Search code examples
javascriptregexgithubutf-8encode

GitHub.com heading links - JavaScript


Does anyone know what is proper and official algorithm that GitHub.com uses to encode fragment_id links for inner headers?

(I hope that is not considered anymore as tooooo broad question).

I reverse engineered way how GitHub flavoured Markdown formats links to content headers. It seems to be quite odd way, so I guess I did something wrong. Maybe you have clue how to improve it (except chaining, which is skipped here for readability of the steps).

First of all I found that such a string 1.2.3-a Łukasz_testing? header `special characters`;.,links How+they%20 behave will be encoded there as 123-a-%C5%81ukasz_testing-header-special-characterslinks-howthey20-behave.

I recreated same result with:

function(string) {
    string = string.replace(/[A-Z]+/g,function(v) { return v.toLowerCase(); });
    string = string.replace(/[^a-z0-9-\s\u00BF-\u1FFF\u2C00-\uD7FF\w]+/g,'');
    string = string.replace(/[\s\t ]+/g, '-');
    string = encodeURIComponent(string);
    return string;
}

But it looks quite clunky.

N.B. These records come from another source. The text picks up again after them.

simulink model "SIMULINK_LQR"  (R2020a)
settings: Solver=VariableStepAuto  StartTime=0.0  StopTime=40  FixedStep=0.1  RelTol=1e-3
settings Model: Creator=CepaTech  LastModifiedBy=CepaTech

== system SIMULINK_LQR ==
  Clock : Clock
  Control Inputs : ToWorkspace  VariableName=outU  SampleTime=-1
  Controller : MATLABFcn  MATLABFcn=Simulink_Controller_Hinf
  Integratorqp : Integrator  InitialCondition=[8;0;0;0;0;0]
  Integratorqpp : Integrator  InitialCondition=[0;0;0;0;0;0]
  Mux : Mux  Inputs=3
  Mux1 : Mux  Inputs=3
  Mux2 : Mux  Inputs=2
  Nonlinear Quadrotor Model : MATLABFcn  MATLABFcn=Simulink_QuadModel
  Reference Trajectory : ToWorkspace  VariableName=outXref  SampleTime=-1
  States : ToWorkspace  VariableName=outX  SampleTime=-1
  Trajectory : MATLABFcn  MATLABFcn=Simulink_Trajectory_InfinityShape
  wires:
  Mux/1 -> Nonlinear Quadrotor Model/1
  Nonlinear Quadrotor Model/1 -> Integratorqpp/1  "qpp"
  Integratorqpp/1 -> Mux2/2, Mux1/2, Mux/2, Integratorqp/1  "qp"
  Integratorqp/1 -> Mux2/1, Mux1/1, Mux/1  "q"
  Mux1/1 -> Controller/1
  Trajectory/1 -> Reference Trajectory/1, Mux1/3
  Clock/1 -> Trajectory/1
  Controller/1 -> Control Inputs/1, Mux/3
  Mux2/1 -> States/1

Any ideas how close is it to the original?


Solution

  • I agree with @elclanrs, chaining looks more concise:

    function(string) {
        return encodeURIComponent(string.replace(/[A-Z]+/g,function(v) { return v.toLowerCase(); })
                                        .replace(/[^a-z0-9-\s\u00BF-\u1FFF\u2C00-\uD7FF\w]+/g,'')
                                        .replace(/[\s\t ]+/g, '-'));
    }
    

    I wouldn't look for a "wiseass" implementation (such "one regex to rule them all"), this implementation is simple and readable - which would make it easy to maintain.